Extracted data entries
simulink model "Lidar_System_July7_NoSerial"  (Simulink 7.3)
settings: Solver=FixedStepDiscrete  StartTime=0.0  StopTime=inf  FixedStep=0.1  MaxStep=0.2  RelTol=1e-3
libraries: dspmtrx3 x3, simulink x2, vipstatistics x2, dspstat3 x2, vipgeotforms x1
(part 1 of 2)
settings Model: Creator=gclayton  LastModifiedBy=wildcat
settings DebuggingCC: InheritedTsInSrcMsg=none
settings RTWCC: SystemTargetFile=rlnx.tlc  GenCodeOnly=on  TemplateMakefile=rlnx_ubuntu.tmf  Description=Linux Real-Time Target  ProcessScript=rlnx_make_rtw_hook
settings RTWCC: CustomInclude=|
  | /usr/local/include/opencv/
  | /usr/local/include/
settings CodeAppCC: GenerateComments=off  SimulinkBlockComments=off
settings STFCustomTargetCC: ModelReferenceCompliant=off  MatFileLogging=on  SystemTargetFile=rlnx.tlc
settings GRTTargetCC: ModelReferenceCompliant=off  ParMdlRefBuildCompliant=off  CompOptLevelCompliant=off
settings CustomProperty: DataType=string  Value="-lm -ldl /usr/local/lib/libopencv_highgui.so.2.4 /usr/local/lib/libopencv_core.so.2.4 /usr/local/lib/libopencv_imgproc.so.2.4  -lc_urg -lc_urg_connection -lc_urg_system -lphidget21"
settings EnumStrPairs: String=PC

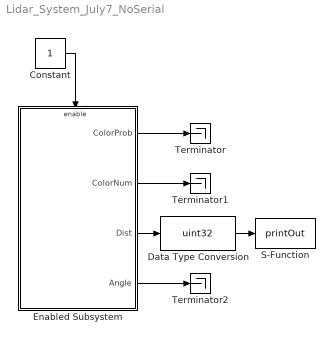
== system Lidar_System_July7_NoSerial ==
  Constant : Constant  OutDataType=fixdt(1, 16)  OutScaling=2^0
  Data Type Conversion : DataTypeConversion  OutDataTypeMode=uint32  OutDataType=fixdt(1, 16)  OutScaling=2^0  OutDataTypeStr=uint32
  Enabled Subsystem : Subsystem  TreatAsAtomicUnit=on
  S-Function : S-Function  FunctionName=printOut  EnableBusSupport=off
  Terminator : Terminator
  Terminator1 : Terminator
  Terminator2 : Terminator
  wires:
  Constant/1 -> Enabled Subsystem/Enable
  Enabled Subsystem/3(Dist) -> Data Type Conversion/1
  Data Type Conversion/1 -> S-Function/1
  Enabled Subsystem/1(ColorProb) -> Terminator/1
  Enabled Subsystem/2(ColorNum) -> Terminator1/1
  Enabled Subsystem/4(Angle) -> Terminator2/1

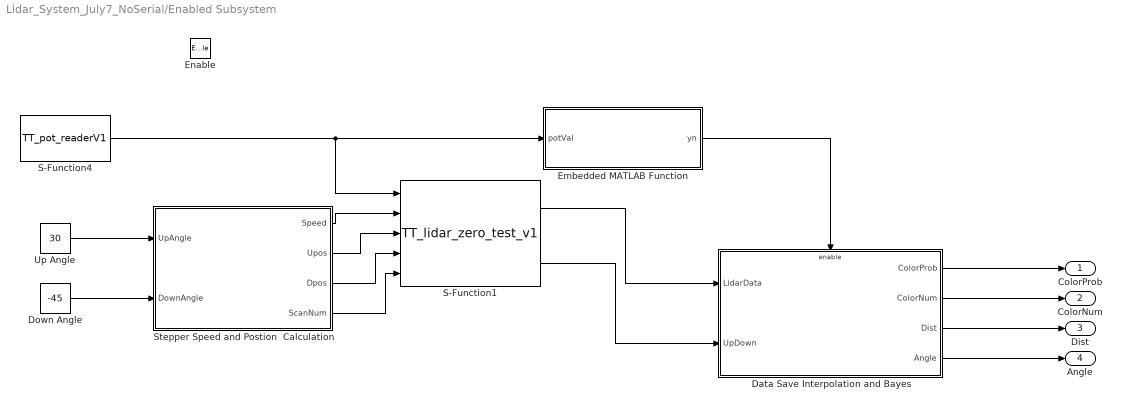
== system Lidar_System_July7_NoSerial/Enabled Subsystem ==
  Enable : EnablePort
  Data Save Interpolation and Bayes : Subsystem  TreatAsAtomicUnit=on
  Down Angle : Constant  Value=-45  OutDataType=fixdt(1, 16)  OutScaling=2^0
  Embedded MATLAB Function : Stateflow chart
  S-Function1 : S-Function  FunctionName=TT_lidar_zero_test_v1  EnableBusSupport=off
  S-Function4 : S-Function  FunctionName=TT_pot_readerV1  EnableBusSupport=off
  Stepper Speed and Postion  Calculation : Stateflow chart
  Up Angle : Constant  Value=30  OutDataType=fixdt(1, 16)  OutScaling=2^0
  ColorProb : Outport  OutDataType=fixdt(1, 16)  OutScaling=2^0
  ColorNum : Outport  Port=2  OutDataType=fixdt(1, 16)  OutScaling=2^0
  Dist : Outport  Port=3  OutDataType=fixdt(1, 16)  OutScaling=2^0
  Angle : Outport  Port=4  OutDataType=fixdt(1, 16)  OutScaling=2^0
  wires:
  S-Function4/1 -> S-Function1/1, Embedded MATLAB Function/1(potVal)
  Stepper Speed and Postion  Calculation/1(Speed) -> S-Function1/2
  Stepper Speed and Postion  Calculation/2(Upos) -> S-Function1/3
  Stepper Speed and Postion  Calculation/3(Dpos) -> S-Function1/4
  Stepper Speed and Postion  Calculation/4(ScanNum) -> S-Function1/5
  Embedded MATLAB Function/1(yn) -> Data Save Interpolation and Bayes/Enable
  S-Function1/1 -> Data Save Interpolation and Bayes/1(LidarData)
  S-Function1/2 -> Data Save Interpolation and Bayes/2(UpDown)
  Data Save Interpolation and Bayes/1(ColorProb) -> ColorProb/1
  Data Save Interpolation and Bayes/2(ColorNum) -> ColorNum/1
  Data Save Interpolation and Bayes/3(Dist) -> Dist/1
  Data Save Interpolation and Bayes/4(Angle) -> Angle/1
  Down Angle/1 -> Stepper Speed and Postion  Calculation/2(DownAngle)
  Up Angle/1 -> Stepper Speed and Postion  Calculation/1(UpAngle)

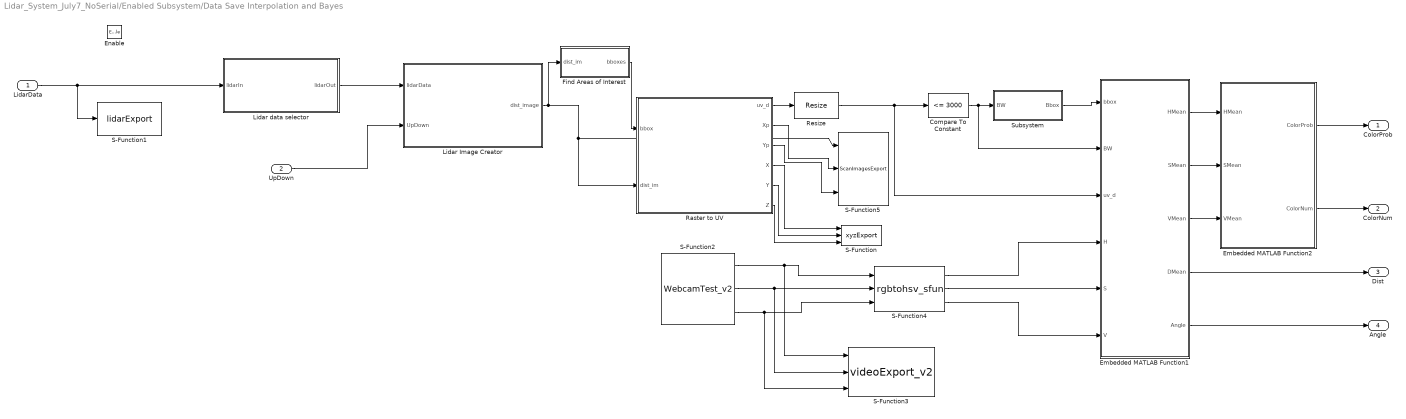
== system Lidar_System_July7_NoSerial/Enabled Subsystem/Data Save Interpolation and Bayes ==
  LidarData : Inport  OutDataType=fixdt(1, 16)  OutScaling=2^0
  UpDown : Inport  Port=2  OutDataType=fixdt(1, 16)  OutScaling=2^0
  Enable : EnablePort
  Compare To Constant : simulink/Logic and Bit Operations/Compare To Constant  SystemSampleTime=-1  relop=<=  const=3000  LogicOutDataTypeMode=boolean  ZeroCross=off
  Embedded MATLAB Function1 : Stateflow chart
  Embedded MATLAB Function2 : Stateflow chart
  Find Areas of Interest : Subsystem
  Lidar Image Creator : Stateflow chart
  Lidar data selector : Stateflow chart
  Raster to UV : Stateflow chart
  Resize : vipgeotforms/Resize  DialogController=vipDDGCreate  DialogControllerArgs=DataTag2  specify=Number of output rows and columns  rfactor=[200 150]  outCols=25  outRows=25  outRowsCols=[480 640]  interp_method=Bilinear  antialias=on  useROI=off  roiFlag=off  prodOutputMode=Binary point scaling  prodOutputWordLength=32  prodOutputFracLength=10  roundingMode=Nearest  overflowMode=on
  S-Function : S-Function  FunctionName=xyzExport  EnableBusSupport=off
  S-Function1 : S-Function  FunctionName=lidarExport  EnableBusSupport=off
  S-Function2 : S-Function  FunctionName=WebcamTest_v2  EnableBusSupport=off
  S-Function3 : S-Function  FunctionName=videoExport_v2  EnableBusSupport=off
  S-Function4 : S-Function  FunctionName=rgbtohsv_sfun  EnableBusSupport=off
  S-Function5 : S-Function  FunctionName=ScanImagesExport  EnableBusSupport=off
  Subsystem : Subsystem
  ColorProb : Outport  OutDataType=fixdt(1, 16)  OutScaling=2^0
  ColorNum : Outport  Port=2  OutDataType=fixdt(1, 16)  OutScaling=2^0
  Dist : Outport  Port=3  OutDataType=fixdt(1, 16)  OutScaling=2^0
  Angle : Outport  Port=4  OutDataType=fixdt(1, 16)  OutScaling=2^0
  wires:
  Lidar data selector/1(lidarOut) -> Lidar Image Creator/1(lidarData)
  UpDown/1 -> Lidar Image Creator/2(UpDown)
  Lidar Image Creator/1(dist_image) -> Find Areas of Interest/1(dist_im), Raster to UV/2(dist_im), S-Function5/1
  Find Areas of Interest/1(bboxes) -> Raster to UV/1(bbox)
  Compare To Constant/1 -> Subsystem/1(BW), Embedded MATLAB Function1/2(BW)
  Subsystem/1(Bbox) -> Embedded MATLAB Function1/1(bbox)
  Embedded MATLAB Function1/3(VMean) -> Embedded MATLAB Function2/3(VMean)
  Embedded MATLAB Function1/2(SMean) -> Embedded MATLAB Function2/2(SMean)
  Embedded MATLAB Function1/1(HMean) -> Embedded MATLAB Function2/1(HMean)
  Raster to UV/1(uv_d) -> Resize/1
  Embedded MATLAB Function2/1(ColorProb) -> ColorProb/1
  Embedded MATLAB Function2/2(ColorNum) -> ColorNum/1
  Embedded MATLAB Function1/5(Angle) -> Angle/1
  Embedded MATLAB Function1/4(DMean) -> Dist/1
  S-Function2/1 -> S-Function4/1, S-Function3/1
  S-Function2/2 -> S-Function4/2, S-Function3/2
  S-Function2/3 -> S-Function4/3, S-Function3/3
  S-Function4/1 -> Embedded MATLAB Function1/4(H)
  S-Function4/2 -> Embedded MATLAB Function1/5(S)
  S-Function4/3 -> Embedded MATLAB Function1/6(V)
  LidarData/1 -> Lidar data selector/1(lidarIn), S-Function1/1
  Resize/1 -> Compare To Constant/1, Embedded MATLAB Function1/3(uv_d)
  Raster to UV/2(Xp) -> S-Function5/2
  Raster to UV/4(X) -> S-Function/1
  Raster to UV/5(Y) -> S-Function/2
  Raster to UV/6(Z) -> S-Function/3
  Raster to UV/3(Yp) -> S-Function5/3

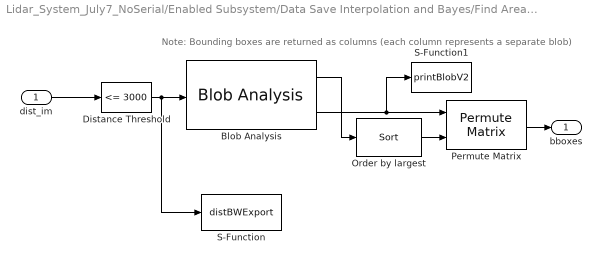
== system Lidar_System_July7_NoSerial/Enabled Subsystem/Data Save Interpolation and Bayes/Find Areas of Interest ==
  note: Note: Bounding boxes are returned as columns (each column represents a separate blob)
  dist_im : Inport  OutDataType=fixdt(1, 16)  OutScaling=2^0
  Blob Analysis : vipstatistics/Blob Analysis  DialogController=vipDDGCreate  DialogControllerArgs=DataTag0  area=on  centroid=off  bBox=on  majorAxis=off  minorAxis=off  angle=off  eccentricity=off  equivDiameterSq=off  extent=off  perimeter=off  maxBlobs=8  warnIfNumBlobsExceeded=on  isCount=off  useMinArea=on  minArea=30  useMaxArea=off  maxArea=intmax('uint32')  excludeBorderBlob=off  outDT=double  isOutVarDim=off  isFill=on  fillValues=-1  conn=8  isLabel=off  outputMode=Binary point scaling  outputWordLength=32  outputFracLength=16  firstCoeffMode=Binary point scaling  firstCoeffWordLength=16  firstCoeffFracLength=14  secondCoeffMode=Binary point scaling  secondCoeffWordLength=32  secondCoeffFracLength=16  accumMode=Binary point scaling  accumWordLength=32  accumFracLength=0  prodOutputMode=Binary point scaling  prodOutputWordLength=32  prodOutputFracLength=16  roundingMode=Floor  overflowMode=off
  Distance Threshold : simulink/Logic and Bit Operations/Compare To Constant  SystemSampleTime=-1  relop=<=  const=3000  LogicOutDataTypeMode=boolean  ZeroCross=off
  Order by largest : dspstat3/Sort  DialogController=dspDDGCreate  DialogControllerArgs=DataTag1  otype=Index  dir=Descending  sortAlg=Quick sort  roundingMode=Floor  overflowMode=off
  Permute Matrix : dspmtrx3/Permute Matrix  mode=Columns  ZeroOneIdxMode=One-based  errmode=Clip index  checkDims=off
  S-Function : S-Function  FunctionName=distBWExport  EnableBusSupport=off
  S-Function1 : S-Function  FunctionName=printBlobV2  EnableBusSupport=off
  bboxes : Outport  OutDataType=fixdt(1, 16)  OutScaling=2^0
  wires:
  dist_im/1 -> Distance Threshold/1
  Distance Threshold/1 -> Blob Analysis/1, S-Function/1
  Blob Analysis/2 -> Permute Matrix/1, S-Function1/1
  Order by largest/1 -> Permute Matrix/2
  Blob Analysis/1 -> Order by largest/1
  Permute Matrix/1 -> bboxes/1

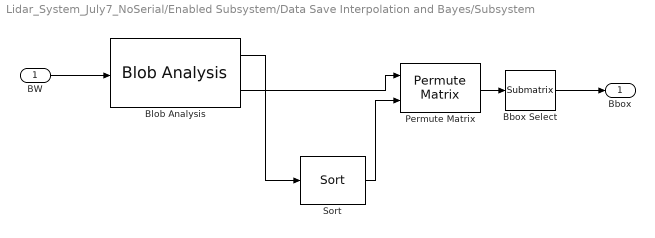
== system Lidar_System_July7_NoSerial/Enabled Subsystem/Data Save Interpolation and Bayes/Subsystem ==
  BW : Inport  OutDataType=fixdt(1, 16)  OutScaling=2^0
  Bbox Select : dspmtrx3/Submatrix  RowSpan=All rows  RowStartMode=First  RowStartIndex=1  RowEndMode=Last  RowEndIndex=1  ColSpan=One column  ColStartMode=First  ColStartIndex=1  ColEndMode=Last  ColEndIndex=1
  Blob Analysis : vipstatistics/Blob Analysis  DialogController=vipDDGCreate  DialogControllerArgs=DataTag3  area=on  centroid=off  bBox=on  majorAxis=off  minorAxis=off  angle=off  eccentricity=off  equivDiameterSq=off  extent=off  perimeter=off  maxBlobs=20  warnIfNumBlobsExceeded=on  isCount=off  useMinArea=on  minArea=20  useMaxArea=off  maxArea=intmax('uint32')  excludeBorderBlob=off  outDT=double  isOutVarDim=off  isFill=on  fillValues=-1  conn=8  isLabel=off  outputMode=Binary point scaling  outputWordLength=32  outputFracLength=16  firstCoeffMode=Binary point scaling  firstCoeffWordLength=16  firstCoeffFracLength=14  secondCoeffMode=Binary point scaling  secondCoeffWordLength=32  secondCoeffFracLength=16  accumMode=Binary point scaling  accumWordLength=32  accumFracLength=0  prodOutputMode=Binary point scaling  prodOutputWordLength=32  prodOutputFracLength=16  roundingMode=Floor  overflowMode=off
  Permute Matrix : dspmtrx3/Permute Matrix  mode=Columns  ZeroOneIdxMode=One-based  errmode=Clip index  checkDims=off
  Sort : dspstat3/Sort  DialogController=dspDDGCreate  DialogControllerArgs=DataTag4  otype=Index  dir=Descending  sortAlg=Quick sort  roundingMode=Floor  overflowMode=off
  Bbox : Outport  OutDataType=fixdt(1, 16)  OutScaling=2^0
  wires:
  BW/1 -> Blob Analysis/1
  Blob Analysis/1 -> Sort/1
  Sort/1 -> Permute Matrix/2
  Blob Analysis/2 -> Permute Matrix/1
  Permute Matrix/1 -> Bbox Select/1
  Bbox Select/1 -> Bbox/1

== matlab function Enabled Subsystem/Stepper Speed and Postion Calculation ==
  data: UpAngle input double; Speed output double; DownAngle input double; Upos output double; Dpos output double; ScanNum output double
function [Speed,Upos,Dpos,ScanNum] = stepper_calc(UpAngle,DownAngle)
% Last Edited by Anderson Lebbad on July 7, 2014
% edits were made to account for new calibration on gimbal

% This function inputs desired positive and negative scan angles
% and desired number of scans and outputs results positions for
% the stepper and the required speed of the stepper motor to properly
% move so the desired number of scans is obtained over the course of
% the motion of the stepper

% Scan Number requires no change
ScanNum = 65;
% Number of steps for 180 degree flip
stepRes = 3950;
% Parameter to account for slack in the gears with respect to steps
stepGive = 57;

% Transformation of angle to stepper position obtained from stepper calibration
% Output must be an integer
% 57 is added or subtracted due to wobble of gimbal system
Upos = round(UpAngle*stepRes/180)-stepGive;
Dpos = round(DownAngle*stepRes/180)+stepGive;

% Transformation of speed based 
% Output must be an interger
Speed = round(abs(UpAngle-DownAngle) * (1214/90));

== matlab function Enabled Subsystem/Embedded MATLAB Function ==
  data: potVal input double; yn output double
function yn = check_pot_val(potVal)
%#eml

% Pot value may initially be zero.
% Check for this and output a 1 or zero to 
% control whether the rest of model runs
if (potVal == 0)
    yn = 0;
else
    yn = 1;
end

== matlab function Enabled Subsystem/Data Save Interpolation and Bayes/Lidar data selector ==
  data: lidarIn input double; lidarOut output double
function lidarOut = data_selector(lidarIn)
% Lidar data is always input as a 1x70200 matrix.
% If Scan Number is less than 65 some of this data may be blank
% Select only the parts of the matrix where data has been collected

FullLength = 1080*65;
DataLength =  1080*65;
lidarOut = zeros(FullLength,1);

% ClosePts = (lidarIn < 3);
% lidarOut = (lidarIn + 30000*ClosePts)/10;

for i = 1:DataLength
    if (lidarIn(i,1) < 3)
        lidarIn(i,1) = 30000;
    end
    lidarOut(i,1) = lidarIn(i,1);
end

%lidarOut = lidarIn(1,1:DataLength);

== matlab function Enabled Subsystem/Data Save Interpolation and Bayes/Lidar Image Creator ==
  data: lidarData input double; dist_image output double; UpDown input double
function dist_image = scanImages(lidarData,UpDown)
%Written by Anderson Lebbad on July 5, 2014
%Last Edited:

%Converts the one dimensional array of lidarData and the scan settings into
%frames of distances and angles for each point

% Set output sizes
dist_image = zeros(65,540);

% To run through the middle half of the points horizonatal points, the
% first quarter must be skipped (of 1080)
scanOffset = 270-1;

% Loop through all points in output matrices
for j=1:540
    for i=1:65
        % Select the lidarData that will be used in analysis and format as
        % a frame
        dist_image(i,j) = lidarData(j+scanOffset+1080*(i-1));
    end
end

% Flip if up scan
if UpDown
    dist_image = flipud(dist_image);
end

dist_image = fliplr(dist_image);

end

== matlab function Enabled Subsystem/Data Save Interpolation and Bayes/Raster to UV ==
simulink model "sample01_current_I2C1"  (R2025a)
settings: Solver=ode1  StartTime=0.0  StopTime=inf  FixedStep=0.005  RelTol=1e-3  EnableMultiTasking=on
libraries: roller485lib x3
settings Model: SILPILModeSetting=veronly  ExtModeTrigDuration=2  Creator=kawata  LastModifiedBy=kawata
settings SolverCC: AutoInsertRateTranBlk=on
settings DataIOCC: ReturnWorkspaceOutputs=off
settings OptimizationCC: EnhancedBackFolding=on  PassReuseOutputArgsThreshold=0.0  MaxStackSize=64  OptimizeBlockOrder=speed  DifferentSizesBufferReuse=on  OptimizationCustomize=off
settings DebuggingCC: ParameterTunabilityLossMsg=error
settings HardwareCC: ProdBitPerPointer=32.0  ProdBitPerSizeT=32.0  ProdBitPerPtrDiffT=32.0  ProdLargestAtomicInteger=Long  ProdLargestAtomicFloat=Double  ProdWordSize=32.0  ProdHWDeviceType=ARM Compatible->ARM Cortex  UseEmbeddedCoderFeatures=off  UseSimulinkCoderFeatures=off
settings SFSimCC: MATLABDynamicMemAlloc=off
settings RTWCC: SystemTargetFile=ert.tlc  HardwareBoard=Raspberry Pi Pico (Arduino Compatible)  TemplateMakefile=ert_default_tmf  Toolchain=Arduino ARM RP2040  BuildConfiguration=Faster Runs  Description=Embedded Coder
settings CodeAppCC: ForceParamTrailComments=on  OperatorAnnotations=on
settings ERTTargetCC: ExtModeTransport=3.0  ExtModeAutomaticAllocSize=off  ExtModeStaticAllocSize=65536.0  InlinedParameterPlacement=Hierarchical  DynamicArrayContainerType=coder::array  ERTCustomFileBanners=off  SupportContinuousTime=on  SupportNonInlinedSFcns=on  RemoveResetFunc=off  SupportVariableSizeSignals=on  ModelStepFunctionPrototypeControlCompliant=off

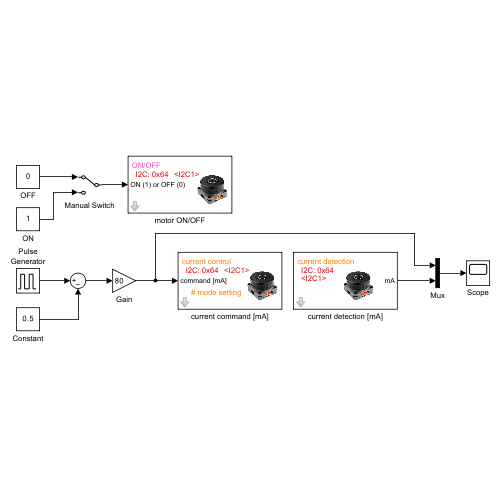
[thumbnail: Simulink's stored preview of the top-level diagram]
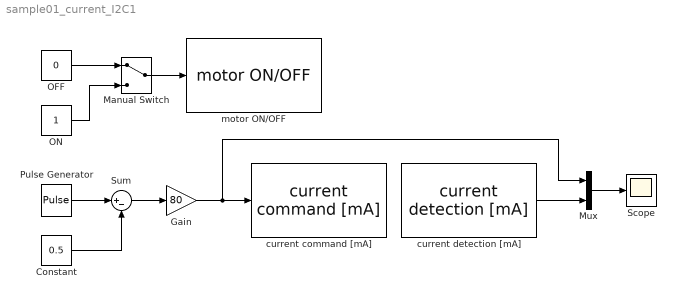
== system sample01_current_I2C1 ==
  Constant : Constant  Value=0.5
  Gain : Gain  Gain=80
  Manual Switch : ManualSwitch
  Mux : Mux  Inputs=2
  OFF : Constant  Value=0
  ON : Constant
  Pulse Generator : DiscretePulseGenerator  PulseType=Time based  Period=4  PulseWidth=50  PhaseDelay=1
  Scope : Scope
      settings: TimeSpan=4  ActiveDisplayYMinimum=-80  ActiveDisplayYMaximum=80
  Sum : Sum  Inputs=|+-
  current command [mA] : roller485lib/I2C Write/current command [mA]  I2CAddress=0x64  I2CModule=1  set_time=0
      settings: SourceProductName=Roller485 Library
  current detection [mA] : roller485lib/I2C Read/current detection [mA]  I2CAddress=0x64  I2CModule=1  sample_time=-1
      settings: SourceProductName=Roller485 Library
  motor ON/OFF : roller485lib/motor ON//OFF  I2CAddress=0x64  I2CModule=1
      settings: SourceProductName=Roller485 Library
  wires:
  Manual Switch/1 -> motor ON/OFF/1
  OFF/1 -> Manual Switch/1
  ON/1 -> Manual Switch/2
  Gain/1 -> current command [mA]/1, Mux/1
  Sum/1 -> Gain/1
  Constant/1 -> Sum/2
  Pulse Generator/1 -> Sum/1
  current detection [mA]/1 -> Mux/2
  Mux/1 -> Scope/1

## Work order
Write out exactly the lines above from the line with "data: potVal input double; yn output double" through the line with "function lidarOut = data_selector(lidarIn)", both of them included, and leave out all other lines.

## Answer below
  data: potVal input double; yn output double
function yn = check_pot_val(potVal)
%#eml

% Pot value may initially be zero.
% Check for this and output a 1 or zero to 
% control whether the rest of model runs
if (potVal == 0)
    yn = 0;
else
    yn = 1;
end

== matlab function Enabled Subsystem/Data Save Interpolation and Bayes/Lidar data selector ==
  data: lidarIn input double; lidarOut output double
function lidarOut = data_selector(lidarIn)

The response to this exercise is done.